Politikus Partai Solidaritas Indonesia Tsamara Amany menekankan platform Youtube dan IG milik masing-masing orang. Hak masing-masing orang itu juga mau menggunakan platformnya untuk apa. Yang berhak memfilter? Publik sendiri, kata Tsamara melalui akun Twitter @TsamaraDKI.
"Tidak segala hal harus diregulasi dan diatur oleh negara," kata Tsamara yang dikutip Suara.com dari Twitternya.
Sedangkan politikus PSI Andy Budiman melalui akun Twitter @Andy_Budiman_ mengingatkan bahwa, "The best government is that which governs least."
Sebelumnya, Kementerian Komunikasi dan Informatika menyebut apabila permohonan pengujian UU Penyiaran dikabulkan, masyarakat tidak lagi bebas memanfaatkan fitur siaran dalam platform media sosial karena terbatasi hanya lembaga penyiaran yang berizin.
Baca Juga: Heboh Kasus Gugatan RCTI di Mahkamah Konstitusi, Ini Penjelasan MNC Group
"Perluasan definisi penyiaran akan mengklasifikasikan kegiatan seperti Instagram TV, Instagram Live, Facebook Live, Youtube Live, dan penyaluran konten audio visual lainnya dalam platform media sosial diharuskan menjadi lembaga penyiaran yang wajib berizin. Artinya, kami harus menutup mereka kalau mereka tidak mengajukan izin," ujar Direktur Jenderal Penyelenggaraan Pos dan Informatika Kominfo Ahmad M. Ramli secara virtual dalam sidang lanjutan di gedung Mahkamah Konstitusi, Rabu (26/8/2020).
Apabila kegiatan dalam media sosial itu juga dikategorikan sebagai penyiaran, maka perorangan, badan usaha, ataupun badan hukum dikatakannya akan dipaksa memiliki izin menjadi lembaga penyiaran.
Selanjutnya perorangan atau badan usaha yang tidak dapat memenuhi persyaratan perizinan penyiaran itu menjadi pelaku penyiaran ilegal dan harus ditertibkan oleh aparat penegak hukum karena penyiaran tanpa izin merupakan pelanggaran pidana.
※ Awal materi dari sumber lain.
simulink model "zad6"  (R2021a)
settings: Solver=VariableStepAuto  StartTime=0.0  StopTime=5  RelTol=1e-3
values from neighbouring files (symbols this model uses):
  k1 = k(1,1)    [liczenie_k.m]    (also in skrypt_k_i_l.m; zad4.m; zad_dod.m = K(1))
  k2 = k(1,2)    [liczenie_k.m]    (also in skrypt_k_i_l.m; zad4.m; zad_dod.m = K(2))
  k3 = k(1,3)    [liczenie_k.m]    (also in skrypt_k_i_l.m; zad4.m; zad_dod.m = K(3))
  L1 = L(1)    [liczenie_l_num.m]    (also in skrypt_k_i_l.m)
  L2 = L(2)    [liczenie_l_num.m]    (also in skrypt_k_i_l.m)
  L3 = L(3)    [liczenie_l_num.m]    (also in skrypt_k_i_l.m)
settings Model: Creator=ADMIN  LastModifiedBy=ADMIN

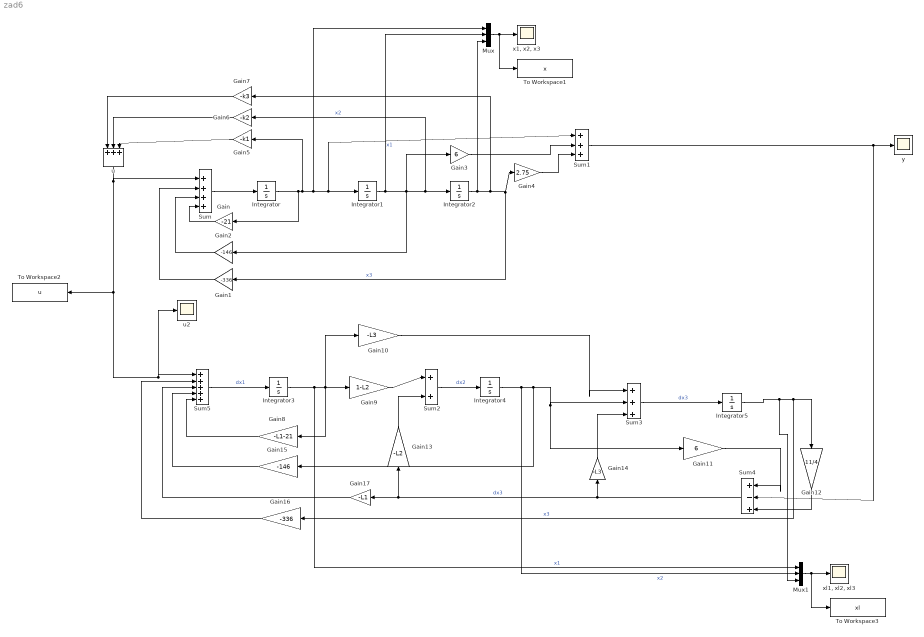
== system zad6 ==
  Gain : Gain  Gain=-21
  Gain1 : Gain  Gain=-336
  Gain10 : Gain  Gain=-L3
  Gain11 : Gain  Gain=6
  Gain12 : Gain  Gain=11/4
  Gain13 : Gain  Gain=-L2
  Gain14 : Gain  Gain=-L3
  Gain15 : Gain  Gain=-146
  Gain16 : Gain  Gain=-336
  Gain17 : Gain  Gain=-L1
  Gain2 : Gain  Gain=-146
  Gain3 : Gain  Gain=6
  Gain4 : Gain  Gain=2.75
  Gain5 : Gain  Gain=-k1
  Gain6 : Gain  Gain=-k2
  Gain7 : Gain  Gain=-k3
  Gain8 : Gain  Gain=-L1-21
  Gain9 : Gain  Gain=1-L2
  Integrator : Integrator  InitialCondition=1
  Integrator1 : Integrator  InitialCondition=2
  Integrator2 : Integrator  InitialCondition=4
  Integrator3 : Integrator
  Integrator4 : Integrator
  Integrator5 : Integrator
  Mux : Mux  Inputs=3
  Mux1 : Mux  Inputs=3
  Sum : Sum  Inputs=|++++
  Sum1 : Sum  Inputs=|+++
  Sum2 : Sum  Inputs=|++
  Sum3 : Sum  Inputs=|+++
  Sum4 : Sum  Inputs=|+-+
  Sum5 : Sum  Inputs=|+++++
  To Workspace1 : ToWorkspace  VariableName=x  SaveFormat=Structure With Time  SampleTime=-1
  To Workspace2 : ToWorkspace  VariableName=u  SaveFormat=Structure With Time  SampleTime=-1
  To Workspace3 : ToWorkspace  VariableName=xl  SaveFormat=Structure With Time  SampleTime=-1
  u : Sum  Inputs=+++
  u2 : Scope
  "x1, x2, x3" : Scope
  "xl1, xl2, xl3" : Scope
  y : Scope
  wires:
  Gain4/1 -> Sum1/3
  Gain5/1 -> u/3
  Integrator2/1 -> Mux/3, Gain7/1, Gain4/1, Gain1/1  "x3"
  Gain6/1 -> u/2
  Gain/1 -> Sum/4
  Gain2/1 -> Sum/3
  Integrator/1 -> Gain5/1, Mux/1, Sum1/1, Integrator1/1, Gain/1  "x1"
  Integrator1/1 -> Mux/2, Gain3/1, Gain2/1, Gain6/1, Integrator2/1  "x2"
  Sum/1 -> Integrator/1
  Gain3/1 -> Sum1/2
  Gain7/1 -> u/1
  Mux/1 -> To Workspace1/1, "x1, x2, x3"/1
  Gain1/1 -> Sum/2
  Mux1/1 -> To Workspace3/1, "xl1, xl2, xl3"/1
  Gain14/1 -> Sum3/3
  Gain17/1 -> Sum5/3
  Gain13/1 -> Sum2/2
  Gain8/1 -> Sum5/5
  Sum1/1 -> Sum4/2, y/1
  Integrator3/1 -> Mux1/1, Gain10/1, Gain9/1, Gain8/1  "x1"
  Sum4/1 -> Gain14/1, Gain17/1, Gain13/1  "dx3"
  Sum2/1 -> Integrator4/1  "dx2"
  Integrator5/1 -> Mux1/3, Gain16/1, Gain12/1  "x3"
  Sum3/1 -> Integrator5/1  "dx3"
  Gain9/1 -> Sum2/1
  Integrator4/1 -> Mux1/2, Gain15/1, Sum3/2, Gain11/1  "x2"
  Sum5/1 -> Integrator3/1  "dx1"
  Gain15/1 -> Sum5/4
  Gain16/1 -> Sum5/2
  u/1 -> u2/1, Sum5/1, To Workspace2/1, Sum/1
  Gain11/1 -> Sum4/1
  Gain12/1 -> Sum4/3
  Gain10/1 -> Sum3/1
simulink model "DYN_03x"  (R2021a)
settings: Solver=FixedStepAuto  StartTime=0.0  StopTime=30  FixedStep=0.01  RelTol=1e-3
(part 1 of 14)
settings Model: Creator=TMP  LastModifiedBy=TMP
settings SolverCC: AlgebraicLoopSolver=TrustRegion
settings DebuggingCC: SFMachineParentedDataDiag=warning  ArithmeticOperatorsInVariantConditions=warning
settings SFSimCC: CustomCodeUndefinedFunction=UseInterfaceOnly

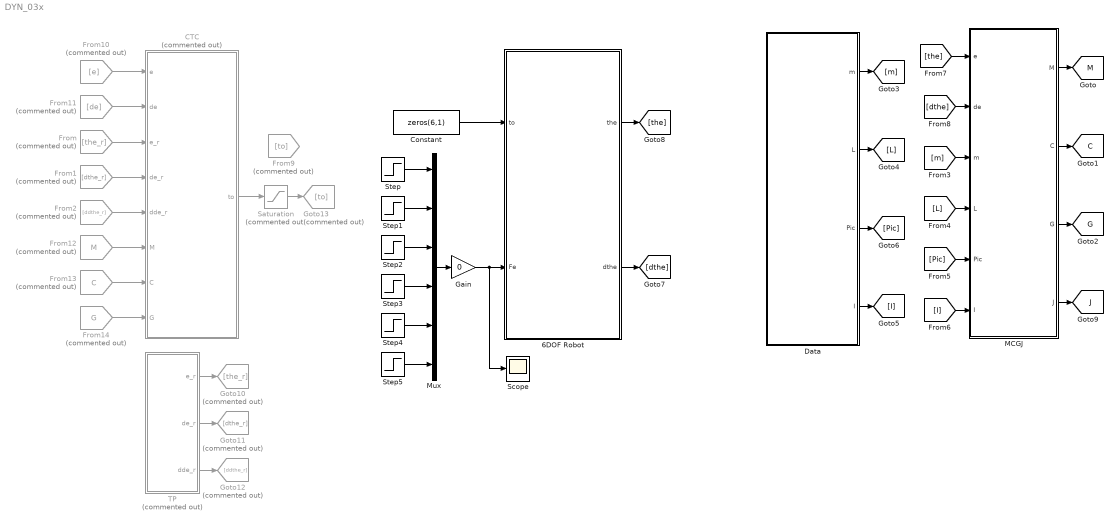
== system DYN_03x ==
  6DOF Robot : Subsystem
  CTC : MATLAB Function  Commented=on  TreatAsAtomicUnit=on
  Constant : Constant  Value=zeros(6,1)
  Data : MATLAB Function  TreatAsAtomicUnit=on
  From : From  Commented=on  GotoTag=the_r
  From1 : From  Commented=on  GotoTag=dthe_r
  From10 : From  Commented=on  GotoTag=e
  From11 : From  Commented=on  GotoTag=de
  From12 : From  Commented=on  GotoTag=M
  From13 : From  Commented=on  GotoTag=C
  From14 : From  Commented=on  GotoTag=G
  From2 : From  Commented=on  GotoTag=ddthe_r
  From9 : From  Commented=on  GotoTag=to
  Gain : Gain  Gain=0
  Goto10 : Goto  Commented=on  GotoTag=the_r
  Goto11 : Goto  Commented=on  GotoTag=dthe_r
  Goto12 : Goto  Commented=on  GotoTag=ddthe_r
  Goto13 : Goto  Commented=on  GotoTag=to
  MCGJ : MATLAB Function  TreatAsAtomicUnit=on
  Mux : Mux  Inputs=6
  Saturation : Saturate  Commented=on  UpperLimit=500  LowerLimit=-500
  Scope : Scope
  Step{,1..5} (6 alike) : Step  Time=10  After=8  SampleTime=0
  TP : Subsystem  Commented=on
  tag scope: C=global, G=global, J=global, M=global
  wires:
  MCGJ/1(M) -> [M]
  MCGJ/2(C) -> [C]
  MCGJ/3(G) -> [G]
  Data/1(m) -> [m]
  Data/2(L) -> [L]
  Data/3(Pic) -> [Pic]
  Data/4(I) -> [I]
  [L] -> MCGJ/4(L)
  [Pic] -> MCGJ/5(Pic)
  [I] -> MCGJ/6(I)
  [m] -> MCGJ/3(m)
  [dthe] -> MCGJ/2(de)
  [the] -> MCGJ/1(e)
  MCGJ/4(J) -> [J]
  6DOF Robot/1(the) -> [the]
  6DOF Robot/2(dthe) -> [dthe]
  Step/1 -> Mux/1
  Step1/1 -> Mux/2
  Step2/1 -> Mux/3
  Step3/1 -> Mux/4
  Step4/1 -> Mux/5
  Step5/1 -> Mux/6
  Mux/1 -> Gain/1
  TP/1(e_r) -> Goto10/1
  TP/2(de_r) -> Goto11/1
  TP/3(dde_r) -> Goto12/1
  From10/1 -> CTC/1(e)
  From11/1 -> CTC/2(de)
  From/1 -> CTC/3(e_r)
  From1/1 -> CTC/4(de_r)
  From2/1 -> CTC/5(dde_r)
  From12/1 -> CTC/6(M)
  From13/1 -> CTC/7(C)
  From14/1 -> CTC/8(G)
  CTC/1(to) -> Saturation/1
  Saturation/1 -> Goto13/1
  Constant/1 -> 6DOF Robot/1(to)
  Gain/1 -> Scope/1, 6DOF Robot/2(Fe)

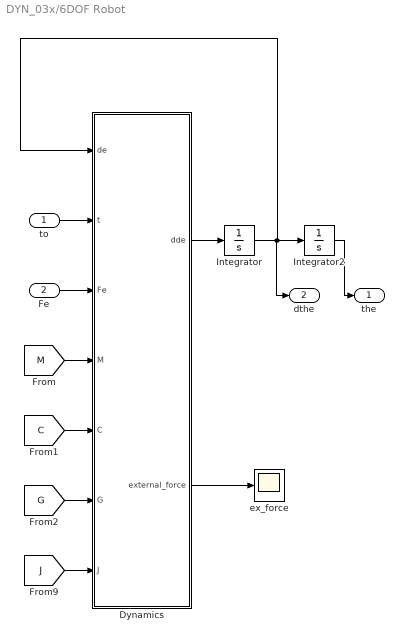
== system DYN_03x/6DOF Robot ==
  to : Inport
  Fe : Inport  Port=2
  Dynamics : MATLAB Function  TreatAsAtomicUnit=on
  Integrator : Integrator  InitialCondition=[pi/6;pi/6;pi/6;pi/6;pi/6;pi/6]  UpperSaturationLimit=pi  LowerSaturationLimit=-pi
  Integrator2 : Integrator  InitialCondition=[pi/6;pi/6;pi/6;pi/6;pi/6;pi/6]  UpperSaturationLimit=[170;120;90;120;60;180]*pi/180  LowerSaturationLimit=-[170;120;90;120;60;180]*pi/180
  ex_force : Scope
  the : Outport  VectorParamsAs1DForOutWhenUnconnected=off
  dthe : Outport  Port=2  VectorParamsAs1DForOutWhenUnconnected=off
  wires:
  Integrator2/1 -> the/1
  Dynamics/1(dde) -> Integrator/1
  [C] -> Dynamics/5(C)
  [J] -> Dynamics/7(J)
  Integrator/1 -> dthe/1, Dynamics/1(de), Integrator2/1
  [M] -> Dynamics/4(M)
  [G] -> Dynamics/6(G)
  to/1 -> Dynamics/2(t)
  Dynamics/2(external_force) -> ex_force/1
  Fe/1 -> Dynamics/3(Fe)

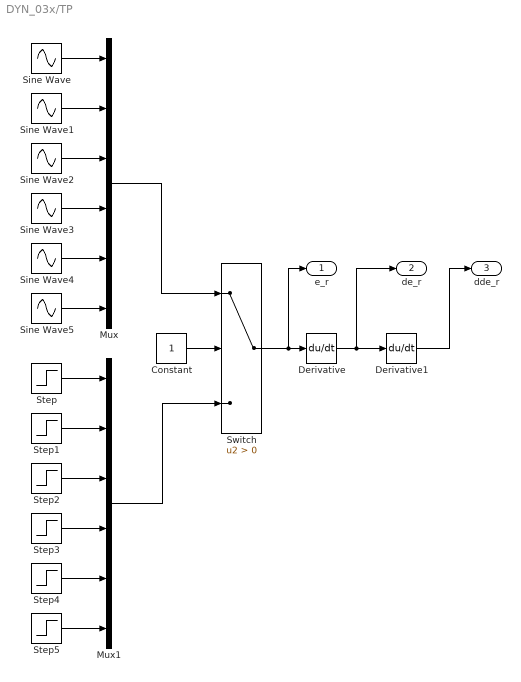
== system DYN_03x/TP ==
  Constant : Constant
  Derivative : Derivative
  Derivative1 : Derivative
  Mux : Mux  Inputs=6
  Mux1 : Mux  Inputs=6
  Sine Wave{,1..5} (6 alike) : Sin  Amplitude=pi/6  Frequency=2*pi*0.2  SampleTime=0
  Step{,1..5} (6 alike) : Step  After=pi/6  SampleTime=0
  Switch : Switch  Criteria=u2 > Threshold
  e_r : Outport  VectorParamsAs1DForOutWhenUnconnected=off
  de_r : Outport  Port=2  VectorParamsAs1DForOutWhenUnconnected=off
  dde_r : Outport  Port=3  VectorParamsAs1DForOutWhenUnconnected=off
  wires:
  Sine Wave/1 -> Mux/1
  Sine Wave1/1 -> Mux/2
  Sine Wave2/1 -> Mux/3
  Sine Wave3/1 -> Mux/4
  Sine Wave4/1 -> Mux/5
  Sine Wave5/1 -> Mux/6
  Mux/1 -> Switch/1
  Constant/1 -> Switch/2
  Mux1/1 -> Switch/3
  Step2/1 -> Mux1/3
  Step5/1 -> Mux1/6
  Step1/1 -> Mux1/2
  Step3/1 -> Mux1/4
  Step/1 -> Mux1/1
  Step4/1 -> Mux1/5
  Switch/1 -> e_r/1, Derivative/1
  Derivative/1 -> de_r/1, Derivative1/1
  Derivative1/1 -> dde_r/1

== matlab function DYN_03x/6DOF Robot/Dynamics ==
  data: de input; t input; Fe input; M input; dde output; C input; G input; J input; external_force output
function [dde,external_force] = DYN_6DOF(de,t,Fe,M,C,G,J)
%%
Fc = diag([0,0,0,0,0,0]);
Fv = 10* diag([1,1,1,1,1,1]);
external_force = Fc*sign(de) + Fv*de + J.'*Fe;
%%
dde = inv(M)*(t - C*de - G - external_force);

Belum lagi pembuat konten siaran melintasi batas negara sehingga tidak mungkin terjangkau dengan hukum Indonesia.
Ramli mengakui kemajuan teknologi yang pesat memungkinkan terjadinya konvergensi antara telekomunikasi dan media penyiaran, tetapi usulan agar penyiaran yang menggunakan internet termasuk penyiaran disebutnya akan mengubah tatanan industri penyiaran dan mengubah secara keseluruhan UU Penyiaran.
Solusi yang diperlukan, menurut dia, adalah pembuatan undang-undang baru oleh DPR dan pemerintah yang mengatur sendiri layanan siaran melalui internet.